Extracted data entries
::::::::::

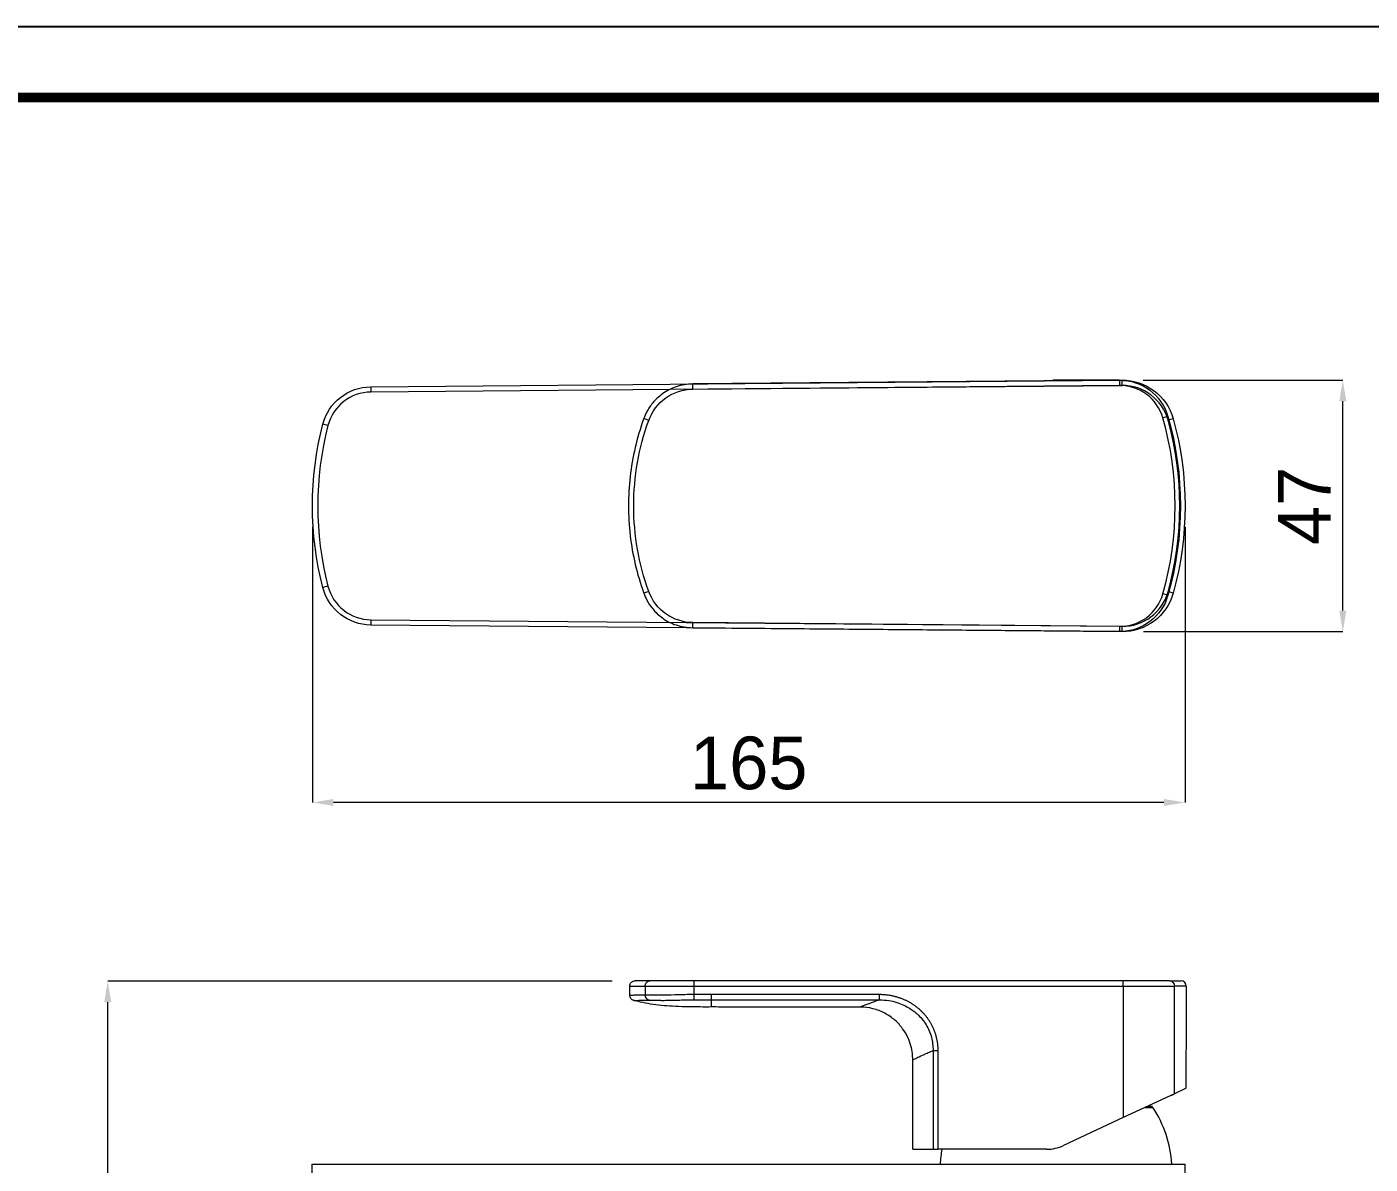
# Model space of a CAD drawing. Extents: x 0 to 790, y 0 to 579.
# Drawn here: x 337.3 to 592.6, y 362.7 to 578.8 of the extents above; entities that cross this region are included whole.
import ezdxf

# ---------------------------------------------------------------- set-up
doc = ezdxf.new("R2010")
doc.units = 0
doc.header["$LTSCALE"] = 10
doc.header["$MEASUREMENT"] = 0
doc.header["$PDMODE"] = 3
doc.header["$PDSIZE"] = -10
doc.layers.get('0').update_dxf_attribs({"linetype": 'CONTINUOUS'})
doc.layers.get('DEFPOINTS').update_dxf_attribs({"linetype": 'CONTINUOUS'})
doc.layers.add('1', color=7, linetype='CONTINUOUS')
doc.layers.add('치수선', color=7, linetype='CONTINUOUS', lineweight=20)
doc.styles.add('Daelim Dimension', font='')
doc.styles.get('Daelim Dimension').set_extended_font_data('나눔고딕')
doc.dimstyles.new('DEFAULT', dxfattribs={"dimscale": 2, "dimtxt": 2, "dimasz": 2, "dimexe": 0, "dimexo": 2, "dimgap": 1, "dimtad": 1, "dimdec": 0, "dimzin": 9, "dimdsep": 46, "dimtxsty": 'Daelim Dimension', "dimcen": 0.5, "dimclrd": 5, "dimclre": 5, "dimclrt": 256, "dimadec": 1, "dimazin": 0, "dimtfac": 1, "dimtdec": 0, "dimtix": 1, "dimtmove": 0, "dimatfit": 3, "dimfxl": 1, "dimtolj": 1, "dimtzin": 1, "dimlwd": 9, "dimlwe": 9, "dimarcsym": 0})

# ---------------------------------------------------------------- blocks, each defined once
blk = doc.blocks.new('*D0')
at = {"color": 5, "lineweight": 9, "ltscale": 0.5, "transparency": 16777216}
for p, q in [((549.45, 511.63), (587.42, 511.63)), ((587.42, 467.84), (587.42, 507.63)), ((549.53, 463.84), (587.42, 463.84))]:
    blk.add_line(p, q, dxfattribs=at)
at = {"color": 5, "ltscale": 0.5, "transparency": 16777216}
for points in [[(586.75, 507.63), (588.09, 507.63), (587.42, 511.63)], [(586.75, 467.84), (588.09, 467.84), (587.42, 463.84)]]:
    blk.add_solid(points, dxfattribs=at)
at = {"layer": 'DEFPOINTS', "color": 0, "ltscale": 0.5, "transparency": 16777216}
for p in [(545.45, 511.63), (587.42, 511.63), (545.53, 463.84)]:
    blk.add_point(p, dxfattribs=at)
at = {"color": 7, "ltscale": 0.5, "transparency": 16777216, "insert": (580.08, 487.74), "char_height": 10, "attachment_point": 5, "rotation": 90, "style": 'Daelim Dimension'}
blk.add_mtext('\\A1;47', dxfattribs=at)
blk = doc.blocks.new('*D1')
at = {"color": 5, "lineweight": 9, "ltscale": 0.5, "transparency": 16777216}
for p, q in [((391.55, 483.74), (391.55, 431.38)), ((557.42, 483.74), (557.42, 431.38)), ((553.42, 431.38), (395.55, 431.38))]:
    blk.add_line(p, q, dxfattribs=at)
at = {"color": 5, "ltscale": 0.5, "transparency": 16777216}
for points in [[(395.55, 432.05), (395.55, 430.72), (391.55, 431.38)], [(553.42, 432.05), (553.42, 430.72), (557.42, 431.38)]]:
    blk.add_solid(points, dxfattribs=at)
at = {"layer": 'DEFPOINTS', "color": 0, "ltscale": 0.5, "transparency": 16777216}
for p in [(391.55, 487.74), (557.42, 487.74), (391.55, 431.38)]:
    blk.add_point(p, dxfattribs=at)
at = {"color": 7, "ltscale": 0.5, "transparency": 16777216, "insert": (474.49, 438.83), "char_height": 10, "attachment_point": 5, "style": 'Daelim Dimension'}
blk.add_mtext('\\A1;165', dxfattribs=at)
blk = doc.blocks.new('*D3')
at = {"color": 5, "lineweight": 9, "ltscale": 0.5, "transparency": 16777216}
for p, q in [((448.52, 397.43), (352.64, 397.43)), ((352.64, 261.66), (352.64, 393.43)), ((500.42, 257.66), (352.64, 257.66))]:
    blk.add_line(p, q, dxfattribs=at)
at = {"color": 5, "ltscale": 0.5, "transparency": 16777216}
for points in [[(351.98, 393.43), (353.31, 393.43), (352.64, 397.43)], [(351.98, 261.66), (353.31, 261.66), (352.64, 257.66)]]:
    blk.add_solid(points, dxfattribs=at)
at = {"layer": 'DEFPOINTS', "color": 0, "ltscale": 0.5, "transparency": 16777216}
for p in [(352.64, 397.43), (452.52, 397.43), (504.42, 257.66)]:
    blk.add_point(p, dxfattribs=at)
at = {"color": 7, "ltscale": 0.5, "transparency": 16777216, "insert": (345.24, 327.55), "char_height": 10, "attachment_point": 5, "rotation": 90, "style": 'Daelim Dimension'}
blk.add_mtext('\\A1;140', dxfattribs=at)

msp = doc.modelspace()

# ---------------------------------------------------------------- linework, layer by layer
at = {"ltscale": 0.5}
msp.add_lwpolyline([(0, 0), (789.88, 0), (789.88, 578.76), (0, 578.76)], close=True, dxfattribs=at)
at = {"color": 5, "linetype": 'ByBlock', "lineweight": 200, "const_width": 1.82}
msp.add_lwpolyline([(12.7, 24.78), (777.1, 24.78), (777.1, 565.32), (12.7, 565.32)], close=True, dxfattribs=at)
at = {"layer": '1', "color": 7, "linetype": 'Continuous', "lineweight": 18}
for p, q in [((402.64, 510.37), (544.96, 511.62)), ((545.45, 511.63), (463.85, 510.92)), ((544.96, 463.86), (402.64, 465.1)), ((463.85, 464.56), (545.45, 463.84)), ((545.7, 397.49), (464.1, 397.49)), ((554.45, 397.49), (545.7, 397.49)), ((554.45, 397.49), (556.66, 397.49)), ((557.66, 396.49), (557.66, 385.95)), ((505.66, 365.49), (505.66, 382.5)), ((557.59, 382.99), (557.59, 378.16)), ((555.41, 376.04), (545.69, 371.51)), ((557.54, 377.03), (555.41, 376.04)), ((550.31, 373.66), (550.91, 373.66)), ((545.69, 371.51), (534.3, 366.19)), ((505.66, 365.49), (509.56, 365.49)), ((509.56, 365.49), (510.49, 365.49)), ((531.13, 365.49), (510.49, 365.49)), ((391.42, 362.66), (557.42, 362.66))]:
    msp.add_line(p, q, dxfattribs=at)
at = {"layer": '1', "color": 7, "linetype": 'Continuous', "lineweight": 13}
for p, q in [((463.86, 509.92), (463.85, 510.92)), ((544.96, 511.62), (544.97, 510.62)), ((545.45, 510.63), (545.45, 511.63)), ((544.97, 510.62), (402.64, 509.37)), ((402.64, 510.37), (402.64, 509.37)), ((463.86, 509.92), (545.45, 510.63)), ((394.49, 503), (393.52, 503.25)), ((455.47, 503.98), (454.53, 504.32)), ((554.18, 504.72), (553.22, 504.44)), ((555.17, 504.31), (554.21, 504.04)), ((394.49, 472.48), (393.52, 472.23)), ((455.47, 471.5), (454.53, 471.16)), ((554.18, 470.76), (553.22, 471.03)), ((555.17, 471.17), (554.21, 471.44)), ((402.64, 466.1), (402.64, 465.1)), ((402.64, 466.1), (544.97, 464.86)), ((463.85, 464.56), (463.86, 465.56)), ((545.45, 464.84), (463.86, 465.56)), ((544.97, 464.86), (544.96, 463.86)), ((545.45, 463.84), (545.45, 464.84)), ((464.09, 396.49), (545.69, 396.49)), ((545.69, 396.49), (555.41, 396.49)), ((545.69, 396.49), (545.69, 371.51)), ((557.66, 396.49), (555.41, 396.49)), ((555.41, 376.04), (555.41, 396.49)), ((509.56, 384.26), (509.56, 365.49)), ((509.56, 384.26), (510.49, 384.26)), ((510.49, 365.49), (510.49, 384.26)), ((549.83, 373.44), (551.32, 373.44))]:
    msp.add_line(p, q, dxfattribs=at)
at = {"layer": '1', "color": 7, "linetype": 'Continuous', "lineweight": 18, "extrusion": (0, 0, -1)}
for centre, radius, start, end in [((-545.04, 502.12), 9.5, 89.5, 164.1066), ((-545.53, 501.63), 10, 89.5, 164.499), ((-402.72, 500.87), 9.5, 14.4888, 89.5), ((-453.55, 487.74), 62, 345.5112, 14.4888), ((-494.55, 487.74), 62, 164.1066, 195.8934), ((-495.43, 487.74), 62, 164.499, 195.5004), ((-402.72, 474.6), 9.5, 270.5, 345.5112), ((-545.04, 473.36), 9.5, 195.8934, 270.5), ((-545.53, 473.84), 10, 195.5004, 270.5), ((-532.92, 361.3), 22.04, 3.5395, 10.9589)]:
    msp.add_arc(centre, radius, start, end, dxfattribs=at)
at = {"layer": '1', "color": 7, "linetype": 'Continuous', "lineweight": 13}
for centre, radius, start, end in [((402.72, 500.87), 8.5, 90.5, 165.5112), ((545.04, 502.12), 8.5, 15.8934, 90.5), ((545.53, 501.63), 9, 15.501, 90.5), ((494.55, 487.74), 61, 344.1066, 15.8934), ((495.43, 487.74), 61, 344.4996, 15.501), ((453.55, 487.74), 61, 165.5112, 194.4888), ((402.72, 474.6), 8.5, 194.4888, 269.5), ((545.04, 473.36), 8.5, 269.5, 344.1066), ((545.53, 473.84), 9, 269.5, 344.4996)]:
    msp.add_arc(centre, radius, start, end, dxfattribs=at)
at = {"layer": '1', "color": 7, "linetype": 'Continuous', "lineweight": 18}
for centre, radius, start, end in [((556.66, 396.49), 1, 0, 90), ((550.91, 373.16), 0.5, 33.4074, 90), ((532.92, 361.3), 22.04, 3.5395, 33.4074), ((531.13, 372.99), 7.5, 270, 295)]:
    msp.add_arc(centre, radius, start, end, dxfattribs=at)
at = {"layer": '1', "color": 7, "linetype": 'Continuous', "lineweight": 13, "extrusion": (0, 0, -1)}
for centre, major_axis, ratio, start_param, end_param in [((455.71, 396.49), (0, 1), 0.940593, 4.694936, 6.283185), ((464.1, 396.49), (0, -1), 0.008727, 1.570796, 3.141593), ((545.7, 396.49), (0, -1), 0.008727, 1.570796, 3.141593), ((554.45, 396.49), (0, -1), 0.963629, 3.141593, 4.712389), ((455.75, 394.81), (0.033, -0.999), 0.94049, 0.225021, 1.58445), ((464.13, 394.88), (-0.001, -1), 0.008727, 0.121058, 1.570792), ((499.34, 394.87), (0, -1), 0.008727, 0.122275, 1.570796)]:
    msp.add_ellipse(centre, major_axis=major_axis, ratio=ratio, start_param=start_param, end_param=end_param, dxfattribs=at)
at = {"layer": '1', "color": 7, "linetype": 'Continuous', "lineweight": 18, "extrusion": (0, 0, -1)}
msp.add_ellipse((467.44, 394.87), major_axis=(0, -1), ratio=0.008726, start_param=0.122217, end_param=1.570796, dxfattribs=at)
at = {"layer": '1', "color": 7, "linetype": 'Continuous', "lineweight": 18}
for points, degree, knots in [([(463.85, 510.92), (463.31, 510.89), (462.23, 510.83), (460.69, 510.42), (459.29, 509.82), (458.09, 509.07), (457.08, 508.23), (456.27, 507.37), (455.63, 506.52), (455.15, 505.72), (454.79, 505), (454.62, 504.53), (454.53, 504.32)], 3, [0, 0, 0, 0, 0.135136, 0.266344, 0.391353, 0.508338, 0.615998, 0.713541, 0.800619, 0.877219, 0.943561, 1, 1, 1, 1]), ([(454.53, 504.32), (454.52, 504.28), (454.5, 504.24), (453.86, 502.44), (453.33, 500.65), (452.05, 495.17), (451.63, 491.44), (451.63, 484.01), (452.06, 480.24), (453.34, 474.8), (453.87, 473.02), (454.51, 471.23), (454.52, 471.2), (454.53, 471.16)], 3, [0, 0, 0, 0, 0.003821, 0.003821, 0.169274, 0.169274, 0.500181, 0.500181, 0.831089, 0.831089, 0.996542, 0.996542, 1, 1, 1, 1]), ([(454.53, 471.16), (454.72, 470.7), (455.16, 469.63), (456.3, 467.97), (458.12, 466.28), (460.72, 464.88), (462.77, 464.67), (463.85, 464.56)], 3, [0, 0, 0, 0, 0.122968, 0.286807, 0.492066, 0.733942, 1, 1, 1, 1]), ([(451.87, 396.47), (451.87, 396.61), (451.9, 396.8), (452.02, 397.04), (452.15, 397.2), (452.31, 397.33), (452.55, 397.45), (452.74, 397.49), (452.87, 397.49)], 3, [0, 0, 0, 0, 0.239215, 0.368206, 0.5, 0.631795, 0.760785, 1, 1, 1, 1]), ([(464.1, 397.49), (462.26, 397.49), (460.47, 397.49), (457.5, 397.49), (456.34, 397.49), (455.71, 397.49)], 3, [0, 0, 0, 0, 0.5, 0.5, 1, 1, 1, 1]), ([(454.81, 394.79), (454.46, 394.78), (453.7, 394.76), (452.78, 394.74), (452.08, 394.73), (451.9, 394.72), (451.9, 394.72)], 3, [0, 0, 0, 0, 0.190299, 0.4202, 0.69079, 1, 1, 1, 1]), ([(452.63, 393.78), (452.53, 393.81), (452.33, 393.9), (452.09, 394.12), (451.94, 394.41), (451.9, 394.62), (451.9, 394.72)], 3, [0, 0, 0, 0, 0.243484, 0.5, 0.756516, 1, 1, 1, 1]), ([(467.44, 392.52), (466.7, 392.51), (465.28, 392.52), (462.97, 392.53), (460, 392.63), (456.42, 392.9), (453.78, 393.47), (452.53, 393.81)], 3, [0, 0, 0, 0, 0.14744, 0.285105, 0.460071, 0.74301, 1, 1, 1, 1]), ([(452.63, 393.78), (452.63, 393.78), (452.93, 393.78), (454.02, 393.79), (455.09, 393.81), (455.57, 393.82)], 3, [0, 0, 0, 0, 0.404045, 0.737427, 1, 1, 1, 1]), ([(467.44, 392.52), (467.44, 392.52), (467.44, 392.52), (467.44, 392.56), (467.44, 392.62), (467.44, 392.71), (467.44, 392.82), (467.44, 392.95), (467.44, 393.11), (467.44, 393.29), (467.44, 393.5), (467.44, 393.7), (467.44, 393.83), (467.44, 393.88)], 3, [0, 0, 0, 0, 0.094018, 0.188571, 0.283124, 0.377676, 0.472229, 0.566782, 0.661335, 0.755888, 0.850441, 0.944994, 1, 1, 1, 1]), ([(510.49, 384.26), (510.49, 386.41), (509.6, 388.43), (508.72, 390.43), (507.14, 391.89), (505.58, 393.33), (503.53, 394.11), (501.51, 394.87), (499.33, 394.87)], 2, [0, 0, 0, 0.25, 0.25, 0.5, 0.5, 0.75, 0.75, 1, 1, 1]), ([(499.34, 393.89), (499.92, 393.86), (501.05, 393.81), (502.62, 393.43), (503.95, 392.91), (505.02, 392.33), (505.84, 391.76), (506.98, 390.81), (508.28, 389.23), (509.37, 386.82), (509.49, 385.1), (509.56, 384.26)], 3, [0, 0, 0, 0, 0.11287, 0.216331, 0.308118, 0.386616, 0.450837, 0.500303, 0.67123, 0.838981, 1, 1, 1, 1]), ([(505.66, 382.5), (505.66, 382.91), (505.61, 383.79), (505.33, 385.22), (504.74, 386.82), (503.76, 388.49), (502.3, 390.09), (500.39, 391.42), (498.11, 392.3), (496.5, 392.5), (495.67, 392.5)], 3, [0, 0, 0, 0, 0.077523, 0.169941, 0.277992, 0.401602, 0.5394, 0.688349, 0.843782, 1, 1, 1, 1]), ([(557.66, 385.99), (557.66, 385.99), (557.66, 385.99), (557.66, 385.93), (557.66, 385.84), (557.64, 385.54), (557.64, 385.34), (557.62, 384.87), (557.61, 384.58), (557.6, 383.98), (557.59, 383.64), (557.59, 383.31), (557.59, 383.21), (557.59, 383.1), (557.59, 382.99)], 3, [0, 0, 0, 0, 0.073531, 0.073531, 0.288166, 0.288166, 0.502893, 0.502893, 0.717845, 0.717845, 0.932806, 0.932806, 0.932806, 1, 1, 1, 1]), ([(557.59, 378.16), (557.59, 378.03), (557.59, 377.89), (557.59, 377.63), (557.58, 377.51), (557.57, 377.3), (557.57, 377.22), (557.56, 377.1), (557.55, 377.06), (557.54, 377.04), (557.54, 377.03), (557.54, 377.03)], 3, [0, 0, 0, 0, 0.244936, 0.244936, 0.490382, 0.490382, 0.726216, 0.726216, 0.940833, 0.940833, 1, 1, 1, 1])]:
    msp.add_open_spline(points, degree=degree, knots=knots, dxfattribs=at)
at = {"layer": '1', "color": 7, "linetype": 'Continuous', "lineweight": 13}
for points, knots in [([(455.47, 503.98), (456.1, 505.71), (457.24, 507.21), (460.21, 509.32), (462.02, 509.91), (463.86, 509.92)], [0, 0, 0, 0, 0.5, 0.5, 1, 1, 1, 1]), ([(455.47, 471.5), (453.58, 476.75), (452.63, 482.18), (452.63, 493.32), (453.58, 498.73), (455.47, 503.98)], [0, 0, 0, 0, 0.5, 0.5, 1, 1, 1, 1]), ([(463.86, 465.56), (462.02, 465.57), (460.23, 466.16), (457.26, 468.26), (456.1, 469.77), (455.47, 471.5)], [0, 0, 0, 0, 0.5, 0.5, 1, 1, 1, 1]), ([(451.87, 396.47), (451.87, 396.47), (451.87, 396.47), (451.87, 396.47), (452.31, 396.47), (453.58, 396.47), (454.11, 396.47), (454.75, 396.47), (454.76, 396.47), (454.77, 396.47)], [0, 0, 0, 0, 0.000533, 0.000533, 0.662235, 0.662235, 0.993085, 0.993085, 1, 1, 1, 1]), ([(454.77, 396.47), (454.96, 396.47), (455.4, 396.47), (456.54, 396.47), (458.36, 396.48), (460.96, 396.48), (463.01, 396.49), (464.09, 396.49)], [0, 0, 0, 0, 0.122968, 0.286807, 0.492066, 0.733942, 1, 1, 1, 1]), ([(454.77, 396.47), (454.78, 396.21), (454.78, 395.95), (454.79, 395.39), (454.8, 395.09), (454.81, 394.79)], [0, 0, 0, 0, 0.464082, 0.464082, 1, 1, 1, 1]), ([(464.12, 394.88), (464.12, 395.21), (464.11, 395.54), (464.1, 396.08), (464.1, 396.28), (464.09, 396.49)], [0, 0, 0, 0, 0.613042, 0.613042, 1, 1, 1, 1]), ([(464.12, 394.88), (463.68, 394.87), (462.66, 394.87), (460.68, 394.82), (458.33, 394.76), (456.45, 394.78), (455.35, 394.8), (454.97, 394.79), (454.81, 394.79)], [0, 0, 0, 0, 0.110197, 0.251311, 0.500792, 0.749482, 0.890786, 1, 1, 1, 1]), ([(455.57, 393.82), (455.77, 393.83), (456.15, 393.83), (456.97, 393.8), (457.9, 393.78), (458.94, 393.79), (460.11, 393.81), (461.39, 393.84), (462.74, 393.88), (463.67, 393.88), (464.13, 393.88)], [0, 0, 0, 0, 0.133839, 0.260684, 0.382021, 0.499225, 0.624204, 0.749225, 0.874671, 1, 1, 1, 1]), ([(499.33, 394.87), (494.01, 394.87), (488.7, 394.87), (478.06, 394.87), (472.75, 394.87), (467.43, 394.87)], [0, 0, 0, 0, 0.5, 0.5, 1, 1, 1, 1]), ([(467.44, 393.88), (468.11, 393.88), (468.77, 393.88), (472.11, 393.88), (474.77, 393.88), (484.74, 393.88), (492.04, 393.88), (499.34, 393.88)], [0, 0, 0, 0, 0.062702, 0.062702, 0.313508, 0.313508, 1, 1, 1, 1]), ([(499.34, 393.88), (498.95, 393.74), (498.18, 393.45), (497.27, 393.11), (496.55, 392.84), (496.04, 392.64), (495.74, 392.53), (495.67, 392.5), (495.67, 392.5)], [0, 0, 0, 0, 0.168486, 0.335621, 0.501876, 0.667728, 0.833656, 1, 1, 1, 1]), ([(505.66, 382.5), (505.67, 382.5), (506.16, 382.73), (507.58, 383.39), (508.62, 383.86), (509.23, 384.12), (509.56, 384.26)], [0, 0, 0, 0, 0.499322, 0.749603, 0.868289, 1, 1, 1, 1])]:
    msp.add_open_spline(points, degree=3, knots=knots, dxfattribs=at)
at = {"layer": '1', "color": 7, "linetype": 'Continuous', "lineweight": 18}
for points, degree in [([(451.9, 394.71), (451.87, 396.47)], 1), ([(455.71, 397.49), (453.82, 397.49), (452.87, 397.49), (452.87, 397.49)], 3), ([(495.68, 392.5), (467.44, 392.52)], 1), ([(554.87, 375.79), (555.09, 375.89), (555.28, 375.98)], 2), ([(391.42, 362.66), (391.42, 357.66)], 1), ([(557.42, 257.66), (557.42, 362.66)], 1)]:
    msp.add_open_spline(points, degree=degree, dxfattribs=at)
at = {"layer": '1', "color": 7, "linetype": 'Continuous', "lineweight": 13}
for points in [[(467.43, 394.87), (466.33, 394.87), (465.23, 394.88), (464.12, 394.88)], [(464.13, 393.88), (465.23, 393.88), (466.34, 393.88), (467.44, 393.88)]]:
    msp.add_open_spline(points, degree=3, dxfattribs=at)
at = {"layer": '치수선', "color": 7}
msp.add_line((544.96, 511.62), (532.29, 511.62), dxfattribs=at)

# ---------------------------------------------------------------- dimensions: what is measured, and where the dimension line sits
at = {"color": 5, "ltscale": 0.5}
dim = msp.add_linear_dim(base=(587.42, 511.63), p1=(545.53, 463.84), p2=(545.45, 511.63), angle=270, text='47', dimstyle='DEFAULT', override={"dimtxt": 5, "dimclrd": 5, "dimclre": 5, "dimclrt": 7}, dxfattribs=at)
dim.commit()
dim.dimension.update_dxf_attribs({"geometry": '*D0', "text_midpoint": (587.42, 487.74), "dimtype": 128})
dim = msp.add_linear_dim(base=(391.55, 431.38), p1=(557.42, 487.74), p2=(391.55, 487.74), text='165', dimstyle='DEFAULT', override={"dimtxt": 5, "dimclrd": 5, "dimclre": 5, "dimclrt": 7}, dxfattribs=at)
dim.commit()
dim.dimension.update_dxf_attribs({"geometry": '*D1', "text_midpoint": (474.49, 438.83)})
dim = msp.add_linear_dim(base=(352.64, 397.43), p1=(504.42, 257.66), p2=(452.52, 397.43), angle=90, dimstyle='DEFAULT', override={"dimtxt": 5, "dimclrd": 5, "dimclre": 5, "dimclrt": 7}, dxfattribs=at)
dim.commit()
dim.dimension.update_dxf_attribs({"geometry": '*D3', "text_midpoint": (345.24, 327.55)})

doc.saveas('drawing.dxf')

::::::::::

**Task goal:** All lines of the records containing "angle" should be shown.

**Result of the exercise:**
dim = msp.add_linear_dim(base=(587.42, 511.63), p1=(545.53, 463.84), p2=(545.45, 511.63), angle=270, text='47', dimstyle='DEFAULT', override={"dimtxt": 5, "dimclrd": 5, "dimclre": 5, "dimclrt": 7}, dxfattribs=at)
dim = msp.add_linear_dim(base=(352.64, 397.43), p1=(504.42, 257.66), p2=(452.52, 397.43), angle=90, dimstyle='DEFAULT', override={"dimtxt": 5, "dimclrd": 5, "dimclre": 5, "dimclrt": 7}, dxfattribs=at)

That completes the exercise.